Ele disse que foi verdade, meu pai disse que não foi

Mergulhando nos tempos idos da minha infância, que já vão longe, guardo algumas histórias ocorridas em nossa casa, em especial, as mal-assombradas. No final de 1960 meu pai foi transferido para Lavras da Mangabeira – CE e assumiu a direção do Posto Agropecuária e a casa em questão era a residência oficial do diretor.

Esses eventos eram corriqueiros naquela casa antiga, sem energia elétrica, isolada e na zona rural. A casa era ampla, alpendrada, todos os ambientes eram grandes, muitas árvores e muitas lendas. Nunca me esqueci da pitangueira que ficava ao lado direito do alpendre quase nos fundos da nossa casa.

Todos os finais de tarde meu pai nos levava para a cidade. Entrávamos no seu Jipe 1958 e íamos para casa da minha avó; tudo era uma grande diversão: a praça, a Matriz, as brincadeiras infantis, as cadeiras nas calçadas, o bar de Seu Zé Alves com um delicioso sorvete de coco, refresco de tamarindo e a alegria de viver. Tudo era gostoso demais.

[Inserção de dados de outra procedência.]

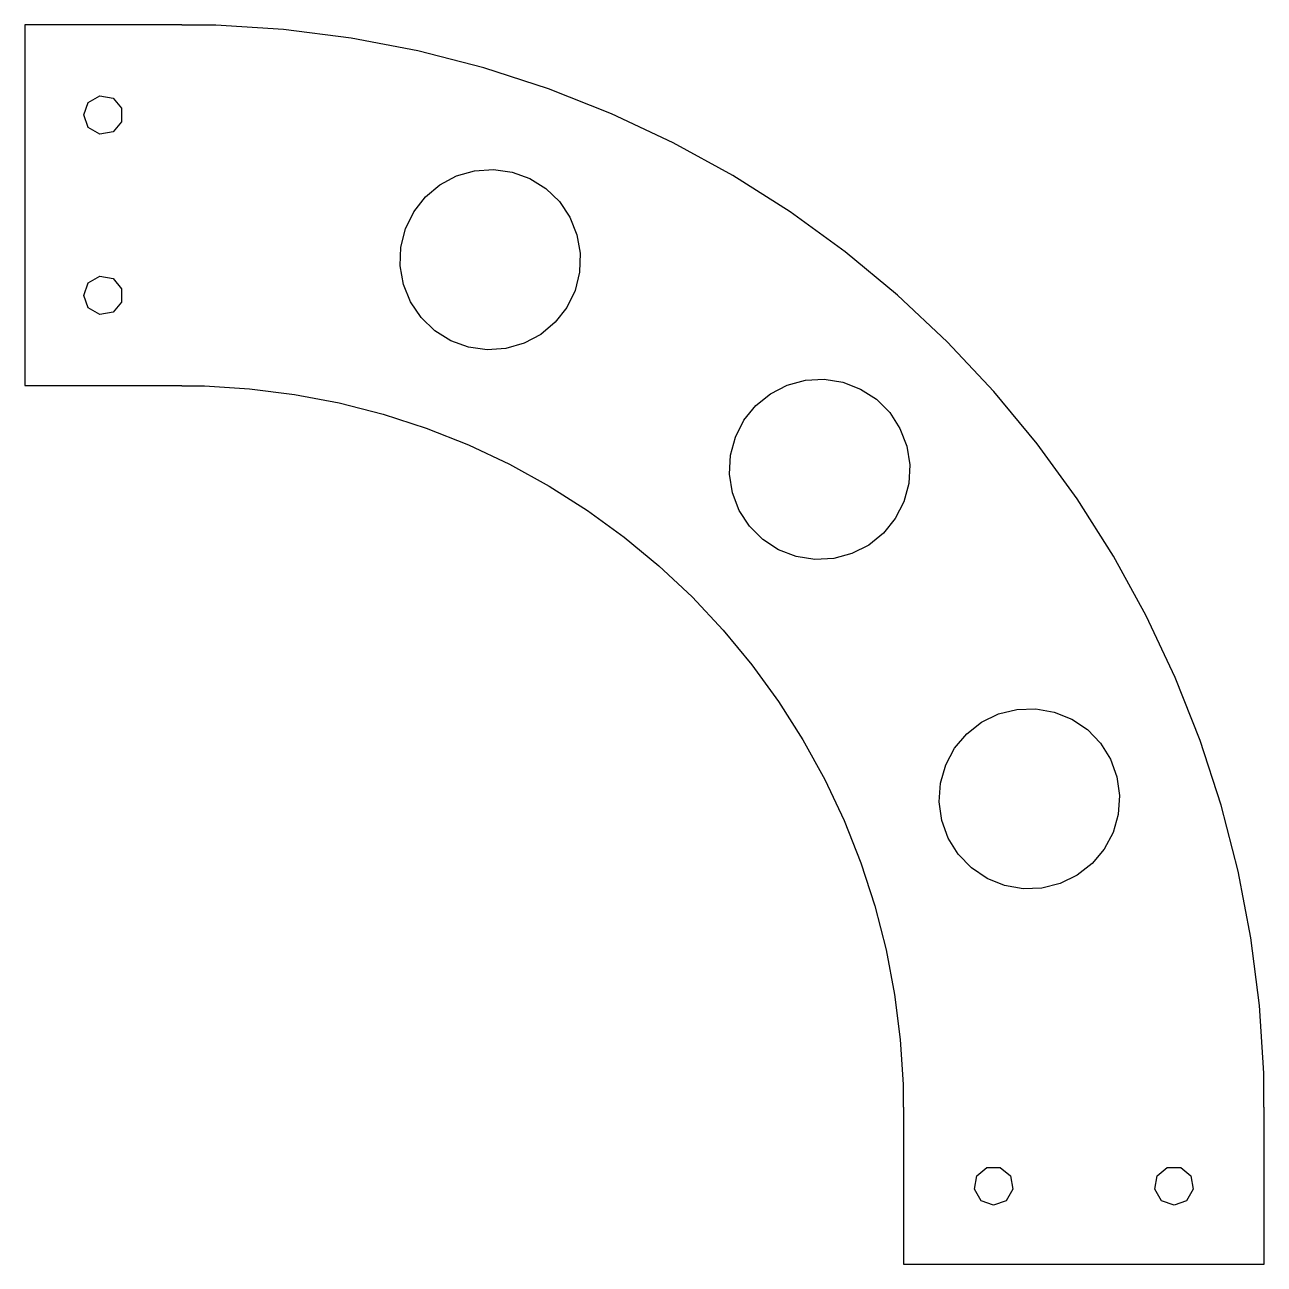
# Model space of a CAD drawing. Header units: metres. Extents: x -22 to 152, y -22 to 152.
import ezdxf

# ---------------------------------------------------------------- set-up
doc = ezdxf.new("R2010")
doc.units = ezdxf.units.M

msp = doc.modelspace()

# ---------------------------------------------------------------- linework, layer by layer
for p, q in [((0, 152.4), (-22.098, 152.4)), ((-22.098, 152.4), (-22.098, 101.6)), ((0, 152.325), (0, 152.4)), ((4.78701, 152.325), (0, 152.325)), ((14.3421, 151.724), (4.78701, 152.325)), ((23.8406, 150.524), (14.3421, 151.724)), ((33.245, 148.73), (23.8406, 150.524)), ((42.5182, 146.349), (33.245, 148.73)), ((51.6236, 143.39), (42.5182, 146.349)), ((60.5253, 139.866), (51.6236, 143.39)), ((-13.799, 139.7), (-13.1556, 141.468)), ((-13.1556, 141.468), (-11.5265, 142.408)), ((-11.5265, 142.408), (-9.674, 142.082)), ((-9.674, 142.082), (-8.46484, 140.641)), ((-13.1556, 137.932), (-13.799, 139.7)), ((-8.46484, 140.641), (-8.46484, 138.759)), ((69.1882, 135.789), (60.5253, 139.866)), ((-11.5265, 136.992), (-13.1556, 137.932)), ((-8.46484, 138.759), (-9.674, 137.318)), ((-9.674, 137.318), (-11.5265, 136.992)), ((77.5779, 131.177), (69.1882, 135.789)), ((36.3348, 129.87), (38.6791, 131.116)), ((38.6791, 131.116), (41.2312, 131.848)), ((41.2312, 131.848), (43.8798, 132.033)), ((43.8798, 132.033), (46.509, 131.664)), ((46.509, 131.664), (49.0039, 130.756)), ((85.6615, 126.047), (77.5779, 131.177)), ((34.3009, 128.163), (36.3348, 129.87)), ((49.0039, 130.756), (51.2555, 129.349)), ((51.2555, 129.349), (53.1653, 127.504)), ((32.6663, 126.071), (34.3009, 128.163)), ((53.1653, 127.504), (54.65, 125.303)), ((31.5025, 123.685), (32.6663, 126.071)), ((93.407, 120.42), (85.6615, 126.047)), ((54.65, 125.303), (55.6446, 122.842)), ((30.8602, 121.108), (31.5025, 123.685)), ((55.6446, 122.842), (56.1056, 120.227)), ((30.7675, 118.455), (30.8602, 121.108)), ((100.784, 114.317), (93.407, 120.42)), ((56.1056, 120.227), (56.013, 117.573)), ((-13.1556, 116.068), (-11.5265, 117.008)), ((-11.5265, 117.008), (-9.674, 116.682)), ((31.2285, 115.84), (30.7675, 118.455)), ((56.013, 117.573), (55.3707, 114.997)), ((-13.799, 114.3), (-13.1556, 116.068)), ((-9.674, 116.682), (-8.46484, 115.241)), ((-8.46484, 115.241), (-8.46484, 113.359)), ((32.2231, 113.379), (31.2285, 115.84)), ((-13.1556, 112.532), (-13.799, 114.3)), ((55.3707, 114.997), (54.2068, 112.611)), ((107.763, 107.763), (100.784, 114.317)), ((-11.5265, 111.592), (-13.1556, 112.532)), ((-9.674, 111.918), (-11.5265, 111.592)), ((-8.46484, 113.359), (-9.674, 111.918)), ((33.7078, 111.178), (32.2231, 113.379)), ((54.2068, 112.611), (52.5722, 110.519)), ((35.6177, 109.333), (33.7078, 111.178)), ((52.5722, 110.519), (50.5383, 108.812)), ((37.8692, 107.926), (35.6177, 109.333)), ((50.5383, 108.812), (48.1941, 107.566)), ((40.3642, 107.018), (37.8692, 107.926)), ((42.9933, 106.649), (40.3642, 107.018)), ((45.6419, 106.834), (42.9933, 106.649)), ((48.1941, 107.566), (45.6419, 106.834)), ((114.317, 100.784), (107.763, 107.763)), ((-22.098, 101.6), (0, 101.6)), ((0, 101.6), (0, 101.55)), ((0, 101.55), (3.19133, 101.55)), ((3.19133, 101.55), (9.5614, 101.149)), ((82.8856, 100.454), (85.2513, 101.659)), ((85.2513, 101.659), (87.8158, 102.346)), ((87.8158, 102.346), (90.4672, 102.485)), ((90.4672, 102.485), (93.0896, 102.07)), ((93.0896, 102.07), (95.5682, 101.118)), ((9.5614, 101.149), (15.8937, 100.349)), ((15.8937, 100.349), (22.1634, 99.1531)), ((80.8223, 98.7828), (82.8856, 100.454)), ((95.5682, 101.118), (97.7949, 99.6723)), ((97.7949, 99.6723), (99.6723, 97.7949)), ((120.42, 93.407), (114.317, 100.784)), ((22.1634, 99.1531), (28.3455, 97.5658)), ((79.1514, 96.7195), (80.8223, 98.7828)), ((99.6723, 97.7949), (101.118, 95.5682)), ((28.3455, 97.5658), (34.4158, 95.5935)), ((77.9461, 94.3538), (79.1514, 96.7195)), ((34.4158, 95.5935), (40.3502, 93.2439)), ((77.2589, 91.7893), (77.9461, 94.3538)), ((101.118, 95.5682), (102.07, 93.0896)), ((40.3502, 93.2439), (46.1254, 90.5263)), ((102.07, 93.0896), (102.485, 90.4672)), ((126.047, 85.6615), (120.42, 93.407)), ((77.12, 89.1379), (77.2589, 91.7893)), ((46.1254, 90.5263), (51.7186, 87.4514)), ((77.5353, 86.5156), (77.12, 89.1379)), ((102.485, 90.4672), (102.346, 87.8158)), ((51.7186, 87.4514), (57.1077, 84.0314)), ((102.346, 87.8158), (101.659, 85.2513)), ((78.4868, 84.0369), (77.5353, 86.5156)), ((131.177, 77.5779), (126.047, 85.6615)), ((57.1077, 84.0314), (62.2713, 80.2797)), ((79.9328, 81.8102), (78.4868, 84.0369)), ((101.659, 85.2513), (100.454, 82.8856)), ((100.454, 82.8856), (98.7828, 80.8223)), ((62.2713, 80.2797), (67.1893, 76.2113)), ((81.8102, 79.9328), (79.9328, 81.8102)), ((98.7828, 80.8223), (96.7195, 79.1514)), ((84.0369, 78.4868), (81.8102, 79.9328)), ((96.7195, 79.1514), (94.3538, 77.9461)), ((86.5156, 77.5353), (84.0369, 78.4868)), ((89.1379, 77.12), (86.5156, 77.5353)), ((91.7893, 77.2589), (89.1379, 77.12)), ((94.3538, 77.9461), (91.7893, 77.2589)), ((135.789, 69.1882), (131.177, 77.5779)), ((67.1893, 76.2113), (71.842, 71.842)), ((71.842, 71.842), (76.2113, 67.1893)), ((139.866, 60.5253), (135.789, 69.1882)), ((76.2113, 67.1893), (80.2797, 62.2713)), ((80.2797, 62.2713), (84.0314, 57.1077)), ((143.39, 51.6236), (139.866, 60.5253)), ((84.0314, 57.1077), (87.4514, 51.7186)), ((114.997, 55.3707), (117.573, 56.013)), ((117.573, 56.013), (120.227, 56.1056)), ((120.227, 56.1056), (122.842, 55.6446)), ((110.519, 52.5722), (112.611, 54.2068)), ((112.611, 54.2068), (114.997, 55.3707)), ((122.842, 55.6446), (125.303, 54.65)), ((125.303, 54.65), (127.504, 53.1653)), ((108.812, 50.5383), (110.519, 52.5722)), ((127.504, 53.1653), (129.349, 51.2555)), ((87.4514, 51.7186), (90.5263, 46.1254)), ((129.349, 51.2555), (130.756, 49.0039)), ((146.349, 42.5182), (143.39, 51.6236)), ((107.566, 48.1941), (108.812, 50.5383)), ((130.756, 49.0039), (131.664, 46.509)), ((106.834, 45.6419), (107.566, 48.1941)), ((90.5263, 46.1254), (93.2439, 40.3502)), ((106.649, 42.9933), (106.834, 45.6419)), ((131.664, 46.509), (132.033, 43.8798)), ((132.033, 43.8798), (131.848, 41.2312)), ((107.018, 40.3642), (106.649, 42.9933)), ((148.73, 33.245), (146.349, 42.5182)), ((93.2439, 40.3502), (95.5935, 34.4158)), ((107.926, 37.8692), (107.018, 40.3642)), ((131.848, 41.2312), (131.116, 38.6791)), ((131.116, 38.6791), (129.87, 36.3348)), ((109.333, 35.6177), (107.926, 37.8692)), ((111.178, 33.7078), (109.333, 35.6177)), ((129.87, 36.3348), (128.163, 34.3009)), ((95.5935, 34.4158), (97.5658, 28.3455)), ((113.379, 32.2231), (111.178, 33.7078)), ((128.163, 34.3009), (126.071, 32.6663)), ((150.524, 23.8406), (148.73, 33.245)), ((115.84, 31.2285), (113.379, 32.2231)), ((123.685, 31.5025), (121.108, 30.8602)), ((126.071, 32.6663), (123.685, 31.5025)), ((118.455, 30.7675), (115.84, 31.2285)), ((121.108, 30.8602), (118.455, 30.7675)), ((97.5658, 28.3455), (99.1531, 22.1634)), ((151.724, 14.3421), (150.524, 23.8406)), ((99.1531, 22.1634), (100.349, 15.8937)), ((100.349, 15.8937), (101.149, 9.5614)), ((152.325, 4.78701), (151.724, 14.3421)), ((101.149, 9.5614), (101.55, 3.19133)), ((152.325, 0), (152.325, 4.78701)), ((101.55, 3.19133), (101.55, 0)), ((101.55, 0), (101.6, 0)), ((101.6, 0), (101.6, -22.098)), ((152.4, 0), (152.325, 0)), ((152.4, -22.098), (152.4, 0)), ((111.918, -9.674), (113.359, -8.46484)), ((113.359, -8.46484), (115.241, -8.46484)), ((115.241, -8.46484), (116.682, -9.674)), ((137.318, -9.674), (138.759, -8.46484)), ((138.759, -8.46484), (140.641, -8.46484)), ((140.641, -8.46484), (142.082, -9.674)), ((111.592, -11.5265), (111.918, -9.674)), ((116.682, -9.674), (117.008, -11.5265)), ((136.992, -11.5265), (137.318, -9.674)), ((142.082, -9.674), (142.408, -11.5265)), ((112.532, -13.1556), (111.592, -11.5265)), ((117.008, -11.5265), (116.068, -13.1556)), ((137.932, -13.1556), (136.992, -11.5265)), ((142.408, -11.5265), (141.468, -13.1556)), ((114.3, -13.799), (112.532, -13.1556)), ((116.068, -13.1556), (114.3, -13.799)), ((139.7, -13.799), (137.932, -13.1556)), ((141.468, -13.1556), (139.7, -13.799)), ((101.6, -22.098), (152.4, -22.098))]:
    msp.add_line(p, q)

doc.saveas('drawing.dxf')
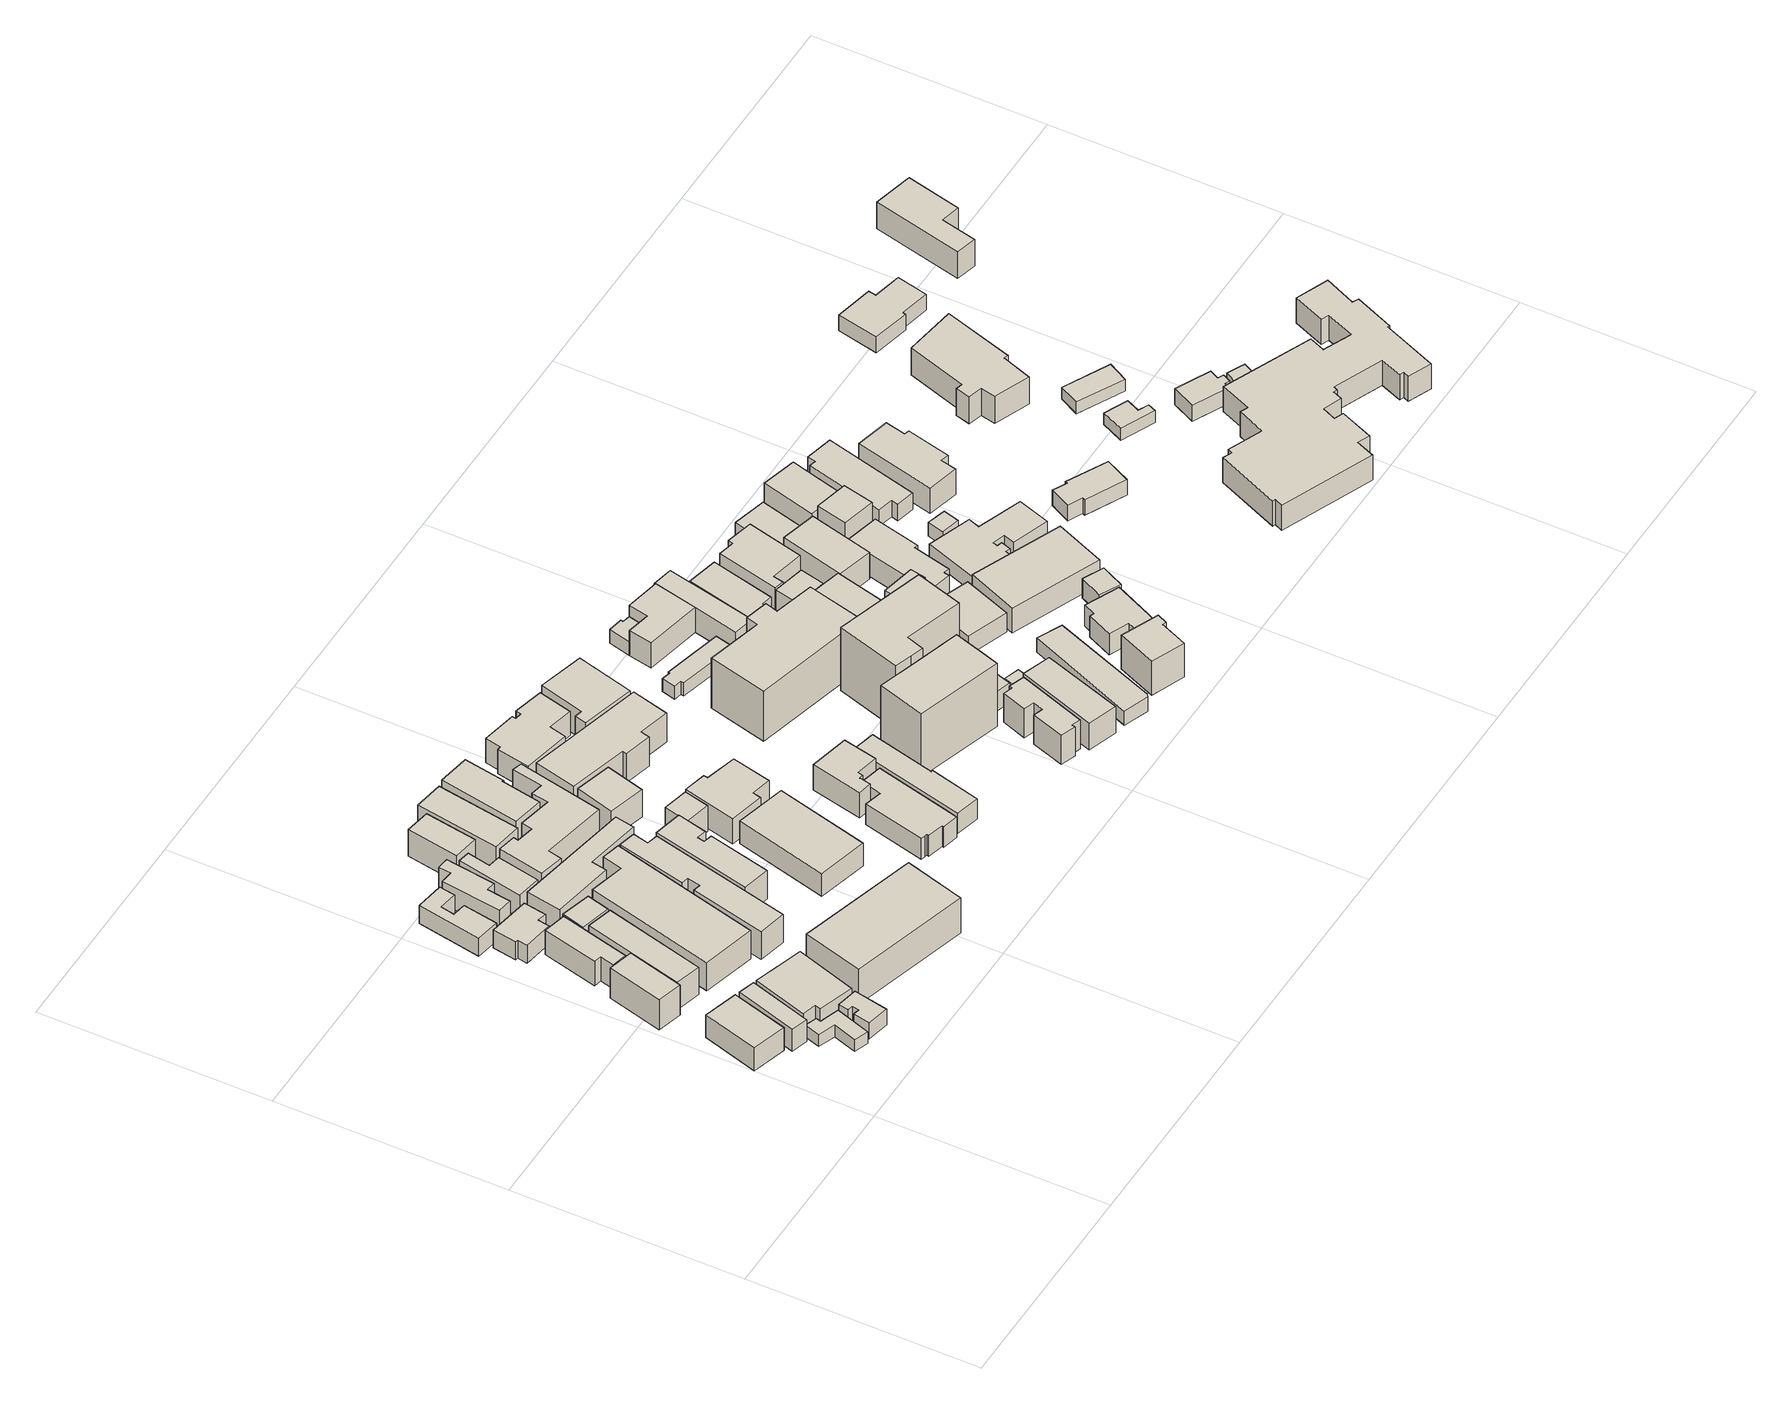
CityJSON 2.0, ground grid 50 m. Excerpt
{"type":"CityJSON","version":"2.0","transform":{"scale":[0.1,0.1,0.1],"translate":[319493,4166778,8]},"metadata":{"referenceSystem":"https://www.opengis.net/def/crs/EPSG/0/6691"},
"CityObjects":{
"building1":{"type":"Building","attributes":{"measuredHeight":7.55,"BuildingDetailAttribute.surveyYear":"0001","BuildingIDAttribute.prefecture":"15","BuildingIDAttribute.city":"15204"},"geometry":[{"type":"Solid","lod":"1","boundaries":[[[[0,1,2,3]],[[2,4,5,3]],[[1,6,4,2]],[[0,7,6,1]],[[3,5,7,0]],[[4,6,7,5]]]]}]},
"building2":{"type":"Building","attributes":{"measuredHeight":2.84,"BuildingDetailAttribute.surveyYear":"0001","BuildingIDAttribute.prefecture":"15","BuildingIDAttribute.city":"15204"},"geometry":[{"type":"Solid","lod":"1","boundaries":[[[[8,9,10,11,12,13,14,15]],[[14,16,17,15]],[[13,18,16,14]],[[12,19,18,13]],[[11,20,19,12]],[[10,21,20,11]],[[9,22,21,10]],[[8,23,22,9]],[[15,17,23,8]],[[16,18,19,20,21,22,23,17]]]]}]},
"building3":{"type":"Building","attributes":{"measuredHeight":6.82,"BuildingDetailAttribute.surveyYear":"0001","BuildingIDAttribute.prefecture":"15","BuildingIDAttribute.city":"15204"},"geometry":[{"type":"Solid","lod":"1","boundaries":[[[[24,25,26,27]],[[26,28,29,27]],[[25,30,28,26]],[[24,31,30,25]],[[27,29,31,24]],[[28,30,31,29]]]]}]},
"building4":{"type":"Building","attributes":{"measuredHeight":9.41,"BuildingDetailAttribute.surveyYear":"0001","BuildingIDAttribute.prefecture":"15","BuildingIDAttribute.city":"15204"},"geometry":[{"type":"Solid","lod":"1","boundaries":[[[[32,33,34,35]],[[34,36,37,35]],[[33,38,36,34]],[[32,39,38,33]],[[35,37,39,32]],[[36,38,39,37]]]]}]},
"building5":{"type":"Building","attributes":{"measuredHeight":5.84,"BuildingDetailAttribute.surveyYear":"0001","BuildingIDAttribute.prefecture":"15","BuildingIDAttribute.city":"15204"},"geometry":[{"type":"Solid","lod":"1","boundaries":[[[[40,41,42,43,44,45,46,47,48,49]],[[48,50,51,49]],[[47,52,50,48]],[[46,53,52,47]],[[45,54,53,46]],[[44,55,54,45]],[[43,56,55,44]],[[42,57,56,43]],[[41,58,57,42]],[[40,59,58,41]],[[49,51,59,40]],[[50,52,53,54,55,56,57,58,59,51]]]]}]},
"building6":{"type":"Building","attributes":{"measuredHeight":6.73,"BuildingDetailAttribute.surveyYear":"0001","BuildingIDAttribute.prefecture":"15","BuildingIDAttribute.city":"15204"},"geometry":[{"type":"Solid","lod":"1","boundaries":[[[[60,61,62,63,64,65]],[[64,66,67,65]],[[63,68,66,64]],[[62,69,68,63]],[[61,70,69,62]],[[60,71,70,61]],[[65,67,71,60]],[[66,68,69,70,71,67]]]]}]},
"building7":{"type":"Building","attributes":{"measuredHeight":6.91,"BuildingDetailAttribute.surveyYear":"0001","BuildingIDAttribute.prefecture":"15","BuildingIDAttribute.city":"15204"},"geometry":[{"type":"Solid","lod":"1","boundaries":[[[[72,73,74,75,76,77]],[[76,78,79,77]],[[75,80,78,76]],[[74,81,80,75]],[[73,82,81,74]],[[72,83,82,73]],[[77,79,83,72]],[[78,80,81,82,83,79]]]]}]},
"building8":{"type":"Building","attributes":{"measuredHeight":7.97,"BuildingDetailAttribute.surveyYear":"0001","BuildingIDAttribute.prefecture":"15","BuildingIDAttribute.city":"15204"},"geometry":[{"type":"Solid","lod":"1","boundaries":[[[[84,85,86,87]],[[86,88,89,87]],[[85,90,88,86]],[[84,91,90,85]],[[87,89,91,84]],[[88,90,91,89]]]]}]},
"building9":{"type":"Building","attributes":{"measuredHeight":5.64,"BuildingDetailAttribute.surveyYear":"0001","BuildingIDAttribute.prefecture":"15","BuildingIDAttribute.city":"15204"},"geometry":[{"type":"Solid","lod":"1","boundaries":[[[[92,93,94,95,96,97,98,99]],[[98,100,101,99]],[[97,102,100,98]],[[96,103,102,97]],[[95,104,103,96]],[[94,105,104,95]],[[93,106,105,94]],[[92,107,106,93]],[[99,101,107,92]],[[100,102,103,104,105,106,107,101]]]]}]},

Quando saíamos para o passeio o sol estava se pondo. A casa ficava fechada, às 18 horas o vigia da noite entrava para acender os candeeiros e a Petromax que ficava na primeira sala. Um certo dia, ele abriu a porta da frente, acendeu a petromax e pendurou na mão francesa, passou pelo corredor que dava acesso aos quartos e entrou no quarto do casal, e sem olhar para os lados apanhou o candeeiro que estava em cima do guarda roupas, colocou-o no chão, tirou a manga, puxou o pavio e acendeu, depois colocou a manga de volta e deitou-o em seu devido lugar.

Ao se preparar pra sair um forte vento apagou o candeeiro. Irritado acendeu o candeeiro outra vez, resmungou e se voltou para a porta. De repente e sem esperar se deparou com um homem alto e forte com os braços e pernas abertas ocupando todo o espaço da porta, de forma que ele não tinha brecha para passar.

Nesse momento o pavor tomou conta do seu ser e num ato de desespero se abaixou, mirou por entre as pernas do suposto homem e numa grande carreira atravessou a barreira e alcançou o corredor, passou pela sala deixando a porta aberta, e na carreira foi parar na casa de um funcionário que prestava serviço na nossa casa durante o dia, anteriormente, foi também, vigia da noite e acabou entregando o cargo por medo do que via e ouvia no interior da casa.

Pálido, mudo, gelado de medo e com as pernas trémulas quase não conseguiu contar o que ocorrera. Abdias, o dono da casa, tentou acalmá-lo com um copo d’agua e uma cadeira para sentar-se. Passado o susto, contou o que vira e pediu que alguém fosse até a nossa casa para fechar a porta que ficara aberta. Quando retornamos da cidade já passava das 21 horas, e seu Cazuza estava à espera do meu pai para entregar seu cargo. Ainda nervoso, gaguejando, pediu para ser aproveitado em outra função, demitindo-se sumariamente da vigia. Com muita insistência ele mais uma vez relatou o que aconteceu naquela noite. O que não deixava de ser um sofrimento, pois, para ele era como reviver a cena de terror.

E para piorar a situação meu pai não acreditou na sua história e durante um bom tempo ele continuou jurando ser verdade e meu pai jurava que era imaginação.